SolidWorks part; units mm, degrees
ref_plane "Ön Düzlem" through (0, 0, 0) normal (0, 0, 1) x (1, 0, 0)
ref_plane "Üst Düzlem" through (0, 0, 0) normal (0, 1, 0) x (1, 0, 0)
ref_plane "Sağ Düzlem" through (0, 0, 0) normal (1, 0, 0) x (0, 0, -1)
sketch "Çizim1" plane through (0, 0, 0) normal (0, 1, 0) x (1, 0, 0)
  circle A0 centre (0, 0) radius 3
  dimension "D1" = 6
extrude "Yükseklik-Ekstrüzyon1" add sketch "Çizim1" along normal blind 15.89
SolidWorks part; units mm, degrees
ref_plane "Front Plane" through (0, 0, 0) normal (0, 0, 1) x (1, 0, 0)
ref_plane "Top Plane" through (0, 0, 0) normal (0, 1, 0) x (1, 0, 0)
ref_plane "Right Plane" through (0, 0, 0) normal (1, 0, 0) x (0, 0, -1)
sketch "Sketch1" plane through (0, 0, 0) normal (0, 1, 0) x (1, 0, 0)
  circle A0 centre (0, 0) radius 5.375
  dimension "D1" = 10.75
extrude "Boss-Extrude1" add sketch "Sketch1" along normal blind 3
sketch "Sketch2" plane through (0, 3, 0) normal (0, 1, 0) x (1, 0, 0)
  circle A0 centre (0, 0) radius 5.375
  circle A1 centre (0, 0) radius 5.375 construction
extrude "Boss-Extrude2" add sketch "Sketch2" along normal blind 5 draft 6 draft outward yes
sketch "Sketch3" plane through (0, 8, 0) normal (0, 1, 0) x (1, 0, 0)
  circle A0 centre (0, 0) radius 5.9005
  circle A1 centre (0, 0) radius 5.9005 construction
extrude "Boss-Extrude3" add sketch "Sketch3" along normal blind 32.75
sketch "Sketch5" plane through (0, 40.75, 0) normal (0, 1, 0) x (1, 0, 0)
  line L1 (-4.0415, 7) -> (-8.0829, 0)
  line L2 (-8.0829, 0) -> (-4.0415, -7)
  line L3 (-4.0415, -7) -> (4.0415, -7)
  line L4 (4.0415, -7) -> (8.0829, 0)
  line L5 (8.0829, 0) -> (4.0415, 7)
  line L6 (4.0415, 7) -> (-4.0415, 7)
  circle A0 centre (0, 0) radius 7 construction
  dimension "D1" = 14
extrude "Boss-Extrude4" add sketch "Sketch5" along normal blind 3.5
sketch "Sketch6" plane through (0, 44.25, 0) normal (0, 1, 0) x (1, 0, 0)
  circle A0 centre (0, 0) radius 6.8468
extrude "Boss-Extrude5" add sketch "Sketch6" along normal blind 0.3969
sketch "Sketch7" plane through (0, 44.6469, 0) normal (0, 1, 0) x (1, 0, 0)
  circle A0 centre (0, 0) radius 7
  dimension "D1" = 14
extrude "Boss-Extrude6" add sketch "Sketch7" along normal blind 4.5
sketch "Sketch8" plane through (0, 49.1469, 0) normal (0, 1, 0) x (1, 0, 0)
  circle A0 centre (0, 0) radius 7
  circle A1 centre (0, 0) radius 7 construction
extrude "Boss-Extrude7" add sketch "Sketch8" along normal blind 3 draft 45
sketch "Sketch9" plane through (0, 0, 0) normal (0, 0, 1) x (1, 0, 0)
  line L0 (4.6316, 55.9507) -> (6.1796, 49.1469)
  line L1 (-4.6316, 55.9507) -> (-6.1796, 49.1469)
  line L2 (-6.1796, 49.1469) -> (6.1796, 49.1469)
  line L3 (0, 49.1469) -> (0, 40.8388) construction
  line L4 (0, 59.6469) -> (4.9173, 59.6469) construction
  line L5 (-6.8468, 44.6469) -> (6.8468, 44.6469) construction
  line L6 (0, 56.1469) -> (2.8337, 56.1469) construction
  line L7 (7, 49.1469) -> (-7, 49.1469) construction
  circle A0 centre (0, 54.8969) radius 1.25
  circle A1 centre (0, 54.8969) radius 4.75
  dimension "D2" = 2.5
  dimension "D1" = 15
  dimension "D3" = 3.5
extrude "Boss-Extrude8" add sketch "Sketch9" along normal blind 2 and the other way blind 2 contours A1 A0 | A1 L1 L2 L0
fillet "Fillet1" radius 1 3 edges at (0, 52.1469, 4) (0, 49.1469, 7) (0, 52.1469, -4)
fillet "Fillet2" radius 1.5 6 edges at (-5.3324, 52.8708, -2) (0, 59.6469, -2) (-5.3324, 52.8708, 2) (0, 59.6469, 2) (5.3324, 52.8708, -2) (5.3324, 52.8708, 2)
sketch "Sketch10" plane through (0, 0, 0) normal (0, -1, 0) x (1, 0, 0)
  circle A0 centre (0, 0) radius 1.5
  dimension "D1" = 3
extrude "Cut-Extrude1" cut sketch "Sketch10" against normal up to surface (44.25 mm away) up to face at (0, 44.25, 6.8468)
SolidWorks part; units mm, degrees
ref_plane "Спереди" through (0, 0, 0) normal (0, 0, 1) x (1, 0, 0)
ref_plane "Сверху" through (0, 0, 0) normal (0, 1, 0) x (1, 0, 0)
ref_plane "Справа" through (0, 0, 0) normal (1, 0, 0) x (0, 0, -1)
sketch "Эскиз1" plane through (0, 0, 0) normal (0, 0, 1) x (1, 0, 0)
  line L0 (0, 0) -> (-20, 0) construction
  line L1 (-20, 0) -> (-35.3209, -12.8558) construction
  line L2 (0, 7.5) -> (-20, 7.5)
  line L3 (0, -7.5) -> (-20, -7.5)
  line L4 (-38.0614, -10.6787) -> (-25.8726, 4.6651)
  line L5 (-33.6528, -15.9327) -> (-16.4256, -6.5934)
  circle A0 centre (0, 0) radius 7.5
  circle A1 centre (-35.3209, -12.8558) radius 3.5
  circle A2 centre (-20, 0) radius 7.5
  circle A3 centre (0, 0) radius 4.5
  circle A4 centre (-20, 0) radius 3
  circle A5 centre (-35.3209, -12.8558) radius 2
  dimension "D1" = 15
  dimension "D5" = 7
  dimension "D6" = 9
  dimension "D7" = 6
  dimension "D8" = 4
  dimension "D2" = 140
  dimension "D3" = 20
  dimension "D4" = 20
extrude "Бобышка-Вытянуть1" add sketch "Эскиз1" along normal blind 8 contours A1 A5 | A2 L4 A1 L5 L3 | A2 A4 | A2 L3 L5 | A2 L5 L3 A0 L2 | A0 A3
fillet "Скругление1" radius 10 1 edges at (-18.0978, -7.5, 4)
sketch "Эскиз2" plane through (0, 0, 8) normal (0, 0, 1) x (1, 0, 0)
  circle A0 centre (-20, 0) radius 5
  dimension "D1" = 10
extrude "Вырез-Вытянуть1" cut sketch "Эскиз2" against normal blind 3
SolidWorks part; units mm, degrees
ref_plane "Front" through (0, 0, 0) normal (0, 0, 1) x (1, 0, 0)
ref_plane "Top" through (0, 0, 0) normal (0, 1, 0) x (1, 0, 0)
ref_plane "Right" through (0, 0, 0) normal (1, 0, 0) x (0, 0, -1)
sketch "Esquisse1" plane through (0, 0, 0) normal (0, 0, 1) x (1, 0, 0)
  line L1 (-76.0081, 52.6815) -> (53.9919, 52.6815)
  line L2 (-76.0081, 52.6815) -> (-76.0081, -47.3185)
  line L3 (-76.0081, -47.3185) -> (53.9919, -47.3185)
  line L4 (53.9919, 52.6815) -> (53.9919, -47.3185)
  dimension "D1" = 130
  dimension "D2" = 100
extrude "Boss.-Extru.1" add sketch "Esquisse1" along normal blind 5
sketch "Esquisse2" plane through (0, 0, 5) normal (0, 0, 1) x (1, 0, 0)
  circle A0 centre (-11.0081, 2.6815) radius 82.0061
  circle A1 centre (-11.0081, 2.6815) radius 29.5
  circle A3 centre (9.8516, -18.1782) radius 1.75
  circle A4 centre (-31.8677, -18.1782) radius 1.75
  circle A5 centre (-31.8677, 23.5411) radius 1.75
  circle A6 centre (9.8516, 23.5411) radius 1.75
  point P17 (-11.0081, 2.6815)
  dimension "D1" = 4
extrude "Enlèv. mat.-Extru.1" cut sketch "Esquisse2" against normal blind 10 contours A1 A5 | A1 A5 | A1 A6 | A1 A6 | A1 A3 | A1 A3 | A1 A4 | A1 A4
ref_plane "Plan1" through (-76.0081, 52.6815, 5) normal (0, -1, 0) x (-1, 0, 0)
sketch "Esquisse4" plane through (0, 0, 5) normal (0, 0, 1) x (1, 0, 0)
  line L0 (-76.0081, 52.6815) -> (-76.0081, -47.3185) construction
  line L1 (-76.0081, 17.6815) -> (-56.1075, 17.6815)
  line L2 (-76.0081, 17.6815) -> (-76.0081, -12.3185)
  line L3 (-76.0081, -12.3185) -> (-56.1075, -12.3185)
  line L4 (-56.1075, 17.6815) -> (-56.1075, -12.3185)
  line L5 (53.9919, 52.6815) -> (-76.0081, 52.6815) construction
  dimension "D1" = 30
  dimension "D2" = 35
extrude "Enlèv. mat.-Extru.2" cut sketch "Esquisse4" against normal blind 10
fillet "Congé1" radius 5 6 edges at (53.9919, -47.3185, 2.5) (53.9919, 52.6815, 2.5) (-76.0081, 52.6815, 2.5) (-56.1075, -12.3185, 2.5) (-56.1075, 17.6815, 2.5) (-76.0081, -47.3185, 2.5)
::::::
### Exercise
For the listing above, state the number of lines that contain the word "Düzlem" and nothing more.

### Exercise result
3